::: RECORDS TO USE :::

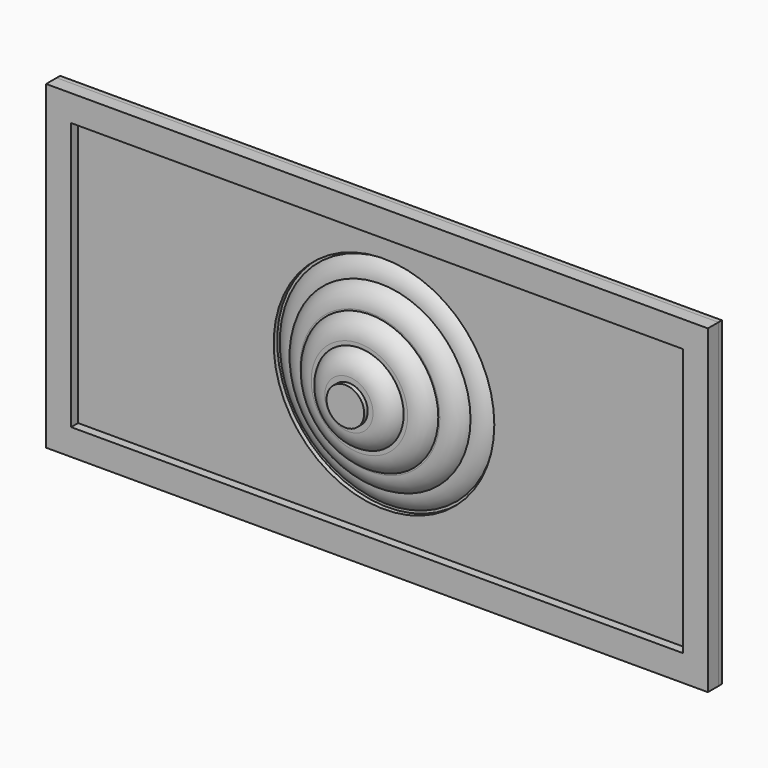
from build123d import *

# Parameters (mm, degrees)
F0_R      = 25.1181711361
F0_R_2    = 20.4995111856
F1_DEPTH  = 3
F0_R_3    = 15.560509686
F2_DEPTH  = 6
F0_R_4    = 10.0770984701
F3_DEPTH  = 9
F0_R_5    = 4.2848341216
F4_DEPTH  = 12
F0_R_6    = 1.2539122761
F5_DEPTH  = 13
F6_DEPTH  = 13
F0_W      = 150.6645679474
F0_H      = 72.9113966227
F0_W_2    = 139.2721533775
F0_H_2    = 60.949370265
F8_DEPTH  = 4
F9_DEPTH  = 2
F10_DEPTH = 1


# Not quite as in the source:
# - a fillet or chamfer that OpenCascade refuses, or shapes differently, is made with other operations: its cross-section is extruded or revolved along the edge and cut away or added


with BuildPart() as f1:
    # F0 (on Front) → F1 (new body)
    with BuildSketch(Plane.XZ):
        Circle(F0_R)
        Circle(F0_R_2, mode=Mode.SUBTRACT)
    extrude(amount=F1_DEPTH)

    # F0 (on Front) → F2 (join)
    with BuildSketch(Plane.XZ):
        Circle(F0_R_2)
        Circle(F0_R_3, mode=Mode.SUBTRACT)
    extrude(amount=F2_DEPTH)

    # F0 (on Front) → F3 (join)
    with BuildSketch(Plane.XZ):
        Circle(F0_R_3)
        Circle(F0_R_4, mode=Mode.SUBTRACT)
    extrude(amount=F3_DEPTH)

    # F0 (on Front) → F4 (join)
    with BuildSketch(Plane.XZ):
        Circle(F0_R_4)
        Circle(F0_R_5, mode=Mode.SUBTRACT)
    extrude(amount=F4_DEPTH)

    # F0 (on Front) → F5 (join)
    with BuildSketch(Plane.XZ):
        Circle(F0_R_5)
        Circle(F0_R_6, mode=Mode.SUBTRACT)
    extrude(amount=F5_DEPTH)

    # F0 (on Front) → F6 (join)
    with BuildSketch(Plane.XZ):
        Circle(F0_R_6)
    extrude(amount=F6_DEPTH)

    # F7: fillet of radius 5 on 4 edges, made by hand

    # F7_s1 → F7_t2 (revolve, cut)
    with BuildSketch(Plane.XY):
        with BuildLine():
            ThreePointArc((25.1181711361, 0), (23.2742082286, -2.1833001327), (20.5355954411, -3))
            Line((20.5355954411, -3), (25.1181711361, -3))
            Line((25.1181711361, -3), (25.1181711361, 0))
        make_face()
    revolve(axis=Axis((0, -3, 0), (0, -1, 0)), mode=Mode.SUBTRACT)

    # F7_s3 → F7_t4 (revolve, cut)
    with BuildSketch(Plane.XY):
        with BuildLine():
            ThreePointArc((20.4995111856, -3), (18.6555482782, -5.1833001327), (15.9169354907, -6))
            Line((15.9169354907, -6), (20.4995111856, -6))
            Line((20.4995111856, -6), (20.4995111856, -3))
        make_face()
    revolve(axis=Axis((0, -6, 0), (0, -1, 0)), mode=Mode.SUBTRACT)

    # F7_s5 → F7_t6 (revolve, cut)
    with BuildSketch(Plane.XY):
        with BuildLine():
            ThreePointArc((15.560509686, -6), (13.7165467785, -8.1833001327), (10.977933991, -9))
            Line((10.977933991, -9), (15.560509686, -9))
            Line((15.560509686, -9), (15.560509686, -6))
        make_face()
    revolve(axis=Axis((0, -9, 0), (0, -1, 0)), mode=Mode.SUBTRACT)

    # F7_s7 → F7_t8 (revolve, cut)
    with BuildSketch(Plane.XY):
        with BuildLine():
            ThreePointArc((10.0770984701, -9), (8.2331355627, -11.1833001327), (5.4945227752, -12))
            Line((5.4945227752, -12), (10.0770984701, -12))
            Line((10.0770984701, -12), (10.0770984701, -9))
        make_face()
    revolve(axis=Axis((0, -12, 0), (0, -1, 0)), mode=Mode.SUBTRACT)


with BuildPart() as f8:
    # F0 (on Front) → F8 (new body)
    with BuildSketch(Plane.XZ):
        Rectangle(F0_W, F0_H)
        Rectangle(F0_W_2, F0_H_2, mode=Mode.SUBTRACT)
    extrude(amount=F8_DEPTH)

    # F0 (on Front) → F9 (join)
    with BuildSketch(Plane.XZ):
        Rectangle(F0_W_2, F0_H_2)
        Circle(F0_R, mode=Mode.SUBTRACT)
    extrude(amount=F9_DEPTH)


with BuildPart() as f10:
    # F0 (on Front) → F10 (new body)
    with BuildSketch(Plane.XZ):
        Rectangle(F0_W, F0_H)
        Rectangle(F0_W_2, F0_H_2, mode=Mode.SUBTRACT)
        Rectangle(F0_W_2, F0_H_2)
        Circle(F0_R, mode=Mode.SUBTRACT)
        Circle(F0_R)
        Circle(F0_R_2, mode=Mode.SUBTRACT)
        Circle(F0_R_2)
        Circle(F0_R_3, mode=Mode.SUBTRACT)
        Circle(F0_R_3)
        Circle(F0_R_4, mode=Mode.SUBTRACT)
        Circle(F0_R_4)
        Circle(F0_R_5, mode=Mode.SUBTRACT)
        Circle(F0_R_5)
        Circle(F0_R_6, mode=Mode.SUBTRACT)
    extrude(amount=F10_DEPTH)


solid = Compound([f1.part, f8.part, f10.part])
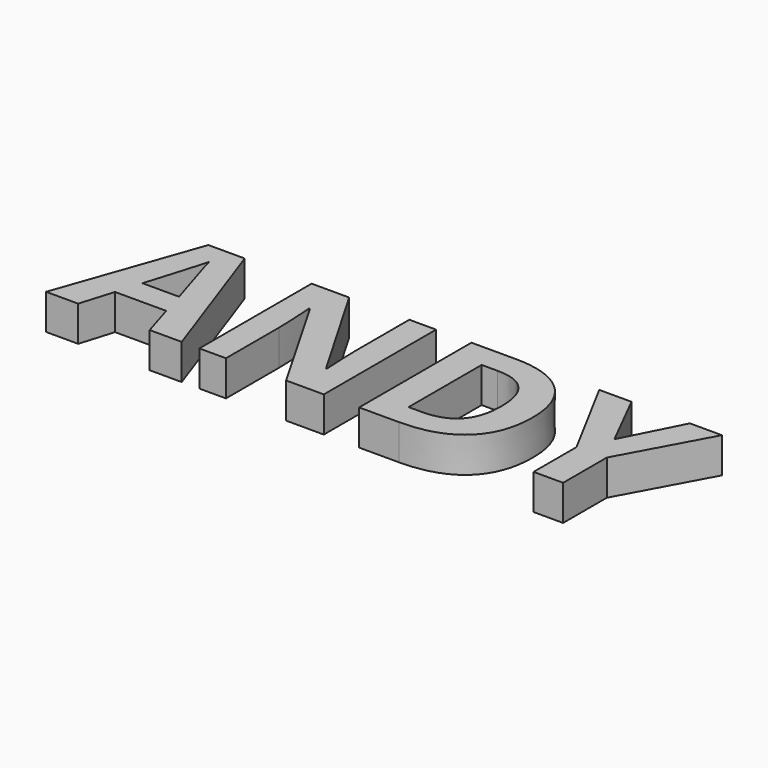
from build123d import *

# Parameters (mm, degrees)
F0_TEXT_SIZE = 11.1111111111
F1_DEPTH     = 2


# Not quite as in the source:
# - Text() gives the source's letters only with a copy of the font that has no kerning and outlines rounded to 1/6400 em; it was checked with that copy


with BuildPart() as f1:
    # F0 (on Top) → F1 (new body)
    with BuildSketch(Plane.XY):
        with Locations((7.4355997384, 8.7883091247)):
            Text('ANDY', F0_TEXT_SIZE, font='Open Sans', font_style=FontStyle.BOLD, text_align=(TextAlign.LEFT, TextAlign.BOTTOM))
    extrude(amount=F1_DEPTH)


solid = f1.part
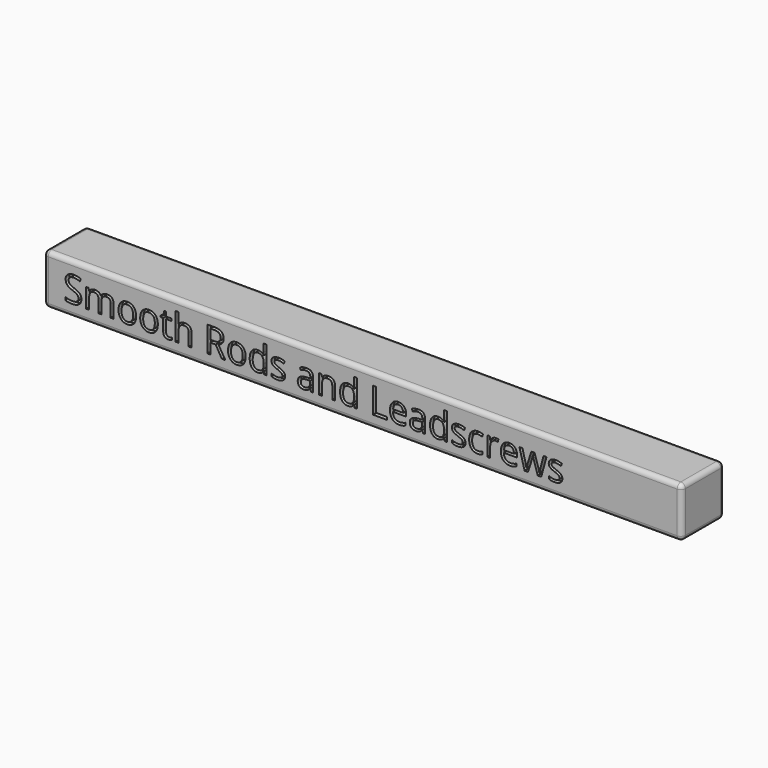
from build123d import *

# Parameters (mm, degrees)
F0_W         = 420
F0_H         = 35
F1_DEPTH     = 33
F2_R         = 3
F3_TEXT_SIZE = 23.6111111111
F4_DEPTH     = 3


# Not quite as in the source:
# - Text() gives the source's letters only with a copy of the font that has no kerning and outlines rounded to 1/6400 em; it was checked with that copy


with BuildPart() as f1:
    # F0 (on Top) → F1 (new body)
    with BuildSketch(Plane.XY):
        with Locations((-210, 17.5)):
            Rectangle(F0_W, F0_H)
    extrude(amount=F1_DEPTH)

    # F2
    f2_edges = [f1.edges().sort_by_distance(p)[0] for p in [
        (-420, 0, 16.5),
        (0, 0, 16.5),
        (-210, 0, 0),
        (-210, 0, 33),
        (0, 17.5, 33),
        (-210, 35, 33),
        (-420, 17.5, 33),
        (0, 35, 16.5),
        (0, 17.5, 0),
        (-420, 35, 16.5),
        (-210, 35, 0),
        (-420, 17.5, 0),
    ]]
    fillet(f2_edges, radius=F2_R)

    # F3 (on face) → F4 (cut)
    with BuildSketch(Plane.XZ):
        with Locations((-407, 8)):
            Text('Smooth Rods and Leadscrews', F3_TEXT_SIZE, font='Open Sans', text_align=(TextAlign.LEFT, TextAlign.BOTTOM))
    extrude(amount=-F4_DEPTH, mode=Mode.SUBTRACT)


solid = f1.part
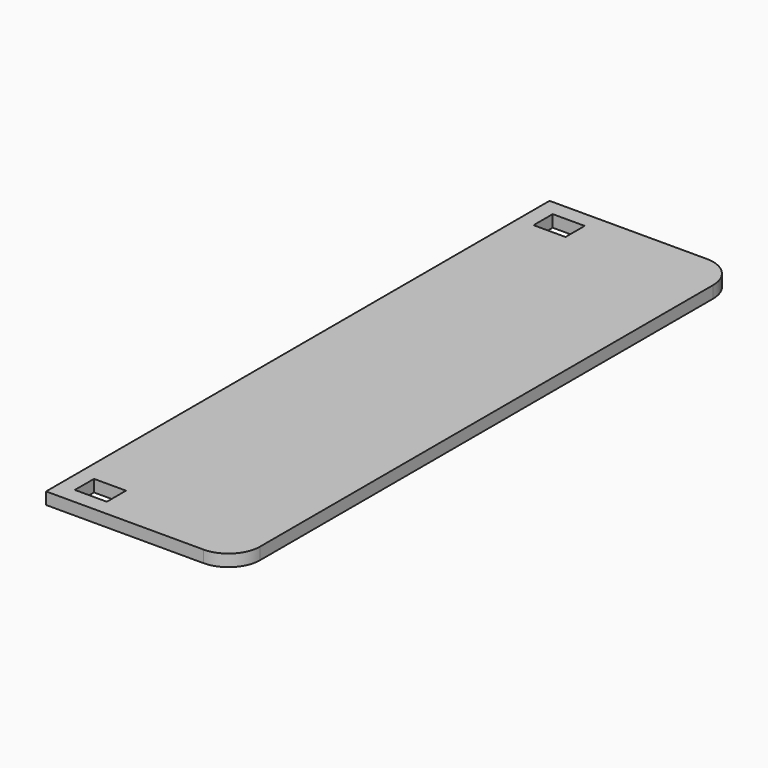
from build123d import *

# Parameters (mm, degrees)
F0_W     = 300
F0_H     = 1000
F1_DEPTH = 19.05
F2_W     = 50.8
F2_H     = 38.1
F3_DEPTH = 19.05
F4_R     = 50


# Not quite as in the source:
# - a length typed as a fraction of an inch, garbled in the dataset ("3 / 203.2 mm" for 3/8 in), is restored


with BuildPart() as f1:
    # F0 (on Top) → F1 (new body)
    with BuildSketch(Plane.XY):
        with Locations((150, 500)):
            Rectangle(F0_W, F0_H)
    extrude(amount=F1_DEPTH)

    # F2 (on face) → F3 (cut, through all)
    with BuildSketch(Plane.XY.offset(19.05)):
        with Locations((50.8, 44.45)):
            Rectangle(F2_W, F2_H)
        with Locations((50.8, 955.55)):
            Rectangle(F2_W, F2_H)
    extrude(amount=-F3_DEPTH, mode=Mode.SUBTRACT)

    # F4
    f4_edges = [f1.edges().sort_by_distance(p)[0] for p in [
        (300, 0, 9.525),
        (300, 1000, 9.525),
    ]]
    fillet(f4_edges, radius=F4_R)


solid = f1.part
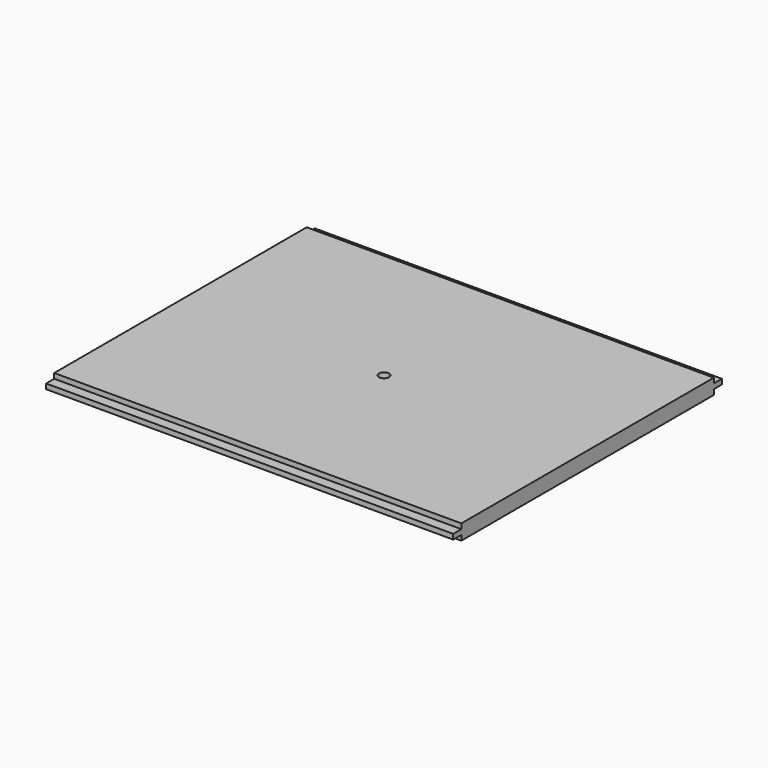
from build123d import *

# Parameters (mm, degrees)
F0_W     = 508
F0_H     = 419.1
F1_DEPTH = 19.05
F2_W     = 508
F2_H     = 6.35
F3_DEPTH = 12.7
F4_R     = 6.35
F5_DEPTH = 19.051


# Not quite as in the source:
# - a pattern or mirror of a feature is missing from the dataset's text; its kind, count and spacing are read off the source's solid


with BuildPart() as f1:
    # F0 (on Top) → F1 (new body)
    with BuildSketch(Plane.XY):
        Rectangle(F0_W, F0_H)
    extrude(amount=F1_DEPTH)

    # F2 (on face) → F3 (cut)
    with BuildSketch(Plane.XZ.offset(209.55)):
        with Locations((0, 3.175)):
            Rectangle(F2_W, F2_H)
        with Locations((0, 15.875)):
            Rectangle(F2_W, F2_H)
    f3 = extrude(amount=-F3_DEPTH, mode=Mode.SUBTRACT)

    # F3_copies: F3 across plane
    add(f3.mirror(Plane.ZX), mode=Mode.SUBTRACT)

    # F4 (on face) → F5 (cut, through all)
    with BuildSketch(Plane.XY.offset(19.05)):
        Circle(F4_R)
    extrude(amount=-F5_DEPTH, mode=Mode.SUBTRACT)


solid = f1.part
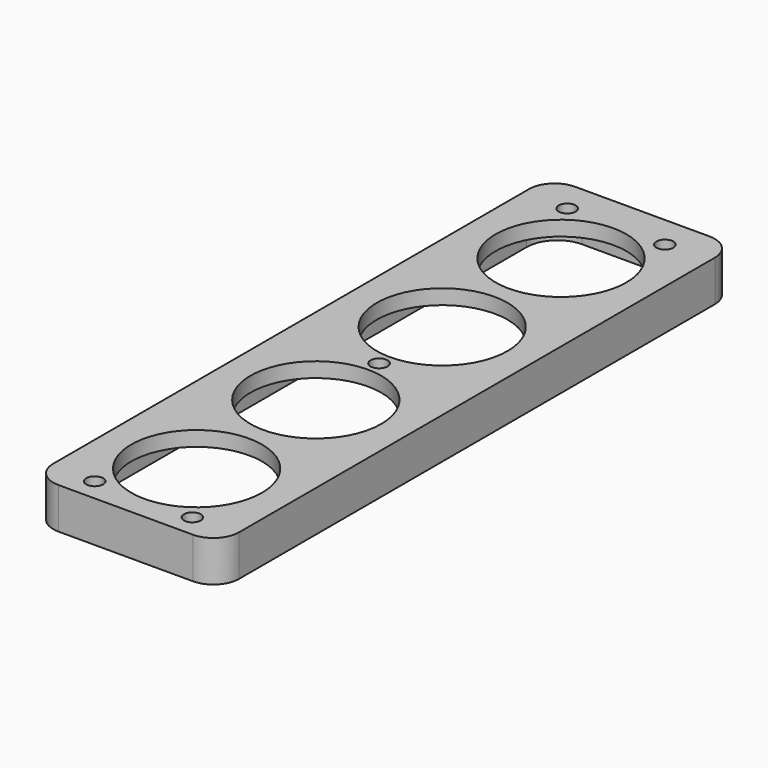
from build123d import *

# Parameters (mm, degrees)
F1_START      = 3.1
F0_W          = 32
F0_H          = 122
F0_R          = 1.65
F0_R_2        = 1.25
F0_R_3        = 12.75
F1_DEPTH      = 2.9
F2_START      = 3
F0_R_4        = 2
F0_R_5        = 1
F2_DEPTH      = 2
F3_DEPTH      = 25
F3_DEPTH_BACK = 39.8
F0_W_2        = 36.2426135689
F0_H_2        = 125.9943731129
F4_DEPTH      = 2
F4_DEPTH_BACK = 6
F5_R          = 6
F6_R          = 5


# Not quite as in the source:
# - a feature names something its author has since deleted; it is built from what else it names


with BuildPart() as f1:
    # F0 (on Top) → F1 (new body)
    with BuildSketch(Plane.XY.offset(F1_START)):
        with Locations((0, 0.9860133167)):
            Rectangle(F0_W, F0_H)
        with Locations((-9.525, -57.4329458177)):
            Circle(F0_R, mode=Mode.SUBTRACT)
        with Locations((-9.525, -30.4671674967)):
            Circle(F0_R_2, mode=Mode.SUBTRACT)
        with Locations((0, -44.4789328166)):
            Circle(F0_R_3, mode=Mode.SUBTRACT)
        with Locations((-9.525, 0)):
            Circle(F0_R_2, mode=Mode.SUBTRACT)
        with Locations((0, -15.4157546586)):
            Circle(F0_R_3, mode=Mode.SUBTRACT)
        Circle(F0_R, mode=Mode.SUBTRACT)
        with Locations((9.525, -57.4329458177)):
            Circle(F0_R, mode=Mode.SUBTRACT)
        with Locations((9.525, -30.4671674967)):
            Circle(F0_R_2, mode=Mode.SUBTRACT)
        with Locations((9.525, 0)):
            Circle(F0_R_2, mode=Mode.SUBTRACT)
        with Locations((-9.525, 29.1974432766)):
            Circle(F0_R_2, mode=Mode.SUBTRACT)
        with Locations((0, 15.3948861798)):
            Circle(F0_R_3, mode=Mode.SUBTRACT)
        with Locations((-9.525, 57.7905103564)):
            Circle(F0_R, mode=Mode.SUBTRACT)
        with Locations((0, 44.3624239764)):
            Circle(F0_R_3, mode=Mode.SUBTRACT)
        with Locations((9.525, 29.1974432766)):
            Circle(F0_R_2, mode=Mode.SUBTRACT)
        with Locations((9.525, 57.7905103564)):
            Circle(F0_R, mode=Mode.SUBTRACT)
        with Locations((9.525, 0)):
            Circle(F0_R_2)
        with Locations((-9.525, 0)):
            Circle(F0_R_2)
        with Locations((9.525, 29.1974432766)):
            Circle(F0_R_2)
        with Locations((-9.525, 29.1974432766)):
            Circle(F0_R_2)
        with Locations((9.525, -30.4671674967)):
            Circle(F0_R_2)
        with Locations((-9.525, -30.4671674967)):
            Circle(F0_R_2)
        with Locations((9.525, -57.4329458177)):
            Circle(F0_R)
        with Locations((-9.525, -57.4329458177)):
            Circle(F0_R)
        Circle(F0_R)
        with Locations((9.525, 57.7905103564)):
            Circle(F0_R)
        with Locations((-9.525, 57.7905103564)):
            Circle(F0_R)
    extrude(amount=F1_DEPTH)

    # F0 (on Top) → F2 (cut)
    with BuildSketch(Plane.XY.offset(F2_START)):
        with Locations((0, 44.3624239764)):
            Circle(F0_R_3)
        with Locations((-9.525, 44.3624239764)):
            Circle(F0_R_4, mode=Mode.SUBTRACT)
        with Locations((9.525, 44.3624239764)):
            Circle(F0_R_4, mode=Mode.SUBTRACT)
        with Locations((0, 15.3948861798)):
            Circle(F0_R_3)
        with Locations((-9.525, 15.3948861798)):
            Circle(F0_R_4, mode=Mode.SUBTRACT)
        with Locations((9.525, 15.3948861798)):
            Circle(F0_R_4, mode=Mode.SUBTRACT)
        with Locations((0, -15.4157546586)):
            Circle(F0_R_3)
        with Locations((-9.525, -15.4157546586)):
            Circle(F0_R_4, mode=Mode.SUBTRACT)
        with Locations((9.525, -15.4157546586)):
            Circle(F0_R_4, mode=Mode.SUBTRACT)
        with Locations((0, -44.4789328166)):
            Circle(F0_R_3)
        with Locations((-9.525, -44.4789328166)):
            Circle(F0_R_4, mode=Mode.SUBTRACT)
        with Locations((9.525, -44.4789328166)):
            Circle(F0_R_4, mode=Mode.SUBTRACT)
        with Locations((9.525, 44.3624239764)):
            Circle(F0_R_4)
        with Locations((9.525, 44.3624239764)):
            Circle(F0_R_5, mode=Mode.SUBTRACT)
        with Locations((-9.525, 44.3624239764)):
            Circle(F0_R_4)
        with Locations((-9.525, 44.3624239764)):
            Circle(F0_R_5, mode=Mode.SUBTRACT)
        with Locations((9.525, 15.3948861798)):
            Circle(F0_R_4)
        with Locations((9.525, 15.3948861798)):
            Circle(F0_R_5, mode=Mode.SUBTRACT)
        with Locations((-9.525, 15.3948861798)):
            Circle(F0_R_4)
        with Locations((-9.525, 15.3948861798)):
            Circle(F0_R_5, mode=Mode.SUBTRACT)
        with Locations((9.525, -15.4157546586)):
            Circle(F0_R_4)
        with Locations((9.525, -15.4157546586)):
            Circle(F0_R_5, mode=Mode.SUBTRACT)
        with Locations((-9.525, -15.4157546586)):
            Circle(F0_R_4)
        with Locations((-9.525, -15.4157546586)):
            Circle(F0_R_5, mode=Mode.SUBTRACT)
        with Locations((9.525, -44.4789328166)):
            Circle(F0_R_4)
        with Locations((9.525, -44.4789328166)):
            Circle(F0_R_5, mode=Mode.SUBTRACT)
        with Locations((-9.525, -44.4789328166)):
            Circle(F0_R_4)
        with Locations((-9.525, -44.4789328166)):
            Circle(F0_R_5, mode=Mode.SUBTRACT)
        with Locations((9.525, 44.3624239764)):
            Circle(F0_R_5)
        with Locations((-9.525, 44.3624239764)):
            Circle(F0_R_5)
        with Locations((9.525, 15.3948861798)):
            Circle(F0_R_5)
        with Locations((-9.525, 15.3948861798)):
            Circle(F0_R_5)
        with Locations((9.525, -15.4157546586)):
            Circle(F0_R_5)
        with Locations((-9.525, -15.4157546586)):
            Circle(F0_R_5)
        with Locations((9.525, -44.4789328166)):
            Circle(F0_R_5)
        with Locations((-9.525, -44.4789328166)):
            Circle(F0_R_5)
    extrude(amount=F2_DEPTH, mode=Mode.SUBTRACT)

    # F0 (on Top) → F3 (cut, two sides)
    with BuildSketch(Plane.XY) as f3_sk:
        with Locations((9.525, -57.4329458177)):
            Circle(F0_R)
        Circle(F0_R)
        with Locations((-9.525, -57.4329458177)):
            Circle(F0_R)
        with Locations((-9.525, 57.7905103564)):
            Circle(F0_R)
        with Locations((9.525, 57.7905103564)):
            Circle(F0_R)
    extrude(amount=-F3_DEPTH, mode=Mode.SUBTRACT)
    extrude(f3_sk.sketch, amount=F3_DEPTH_BACK, mode=Mode.SUBTRACT)

    # F0 (on Top) → F4 (join, two sides)
    with BuildSketch(Plane.XY) as f4_sk:
        with Locations((0.0427393243, 1.1539515108)):
            Rectangle(F0_W_2, F0_H_2)
        with Locations((0, 0.9860133167)):
            Rectangle(F0_W, F0_H, mode=Mode.SUBTRACT)
    extrude(amount=-F4_DEPTH)
    extrude(f4_sk.sketch, amount=F4_DEPTH_BACK)

    # F5
    f5_edges = [f1.edges().sort_by_distance(p)[0] for p in [
        (-16, -60.013987, 0.55),
        (16, -60.013987, 0.55),
        (-16, 61.986013, 0.55),
        (16, 61.986013, 0.55),
    ]]
    fillet(f5_edges, radius=F5_R)

    # F6
    f6_edges = [f1.edges().sort_by_distance(p)[0] for p in [
        (18.164046, 64.151138, 2),
        (-18.078567, 64.151138, 2),
        (-18.078567, -61.843235, 2),
        (18.164046, -61.843235, 2),
    ]]
    fillet(f6_edges, radius=F6_R)


solid = f1.part

:::

- TRY IT:
State how many lines in the records above contain the word "Axis", giving only the number.

- EXERCISE RESULT:
4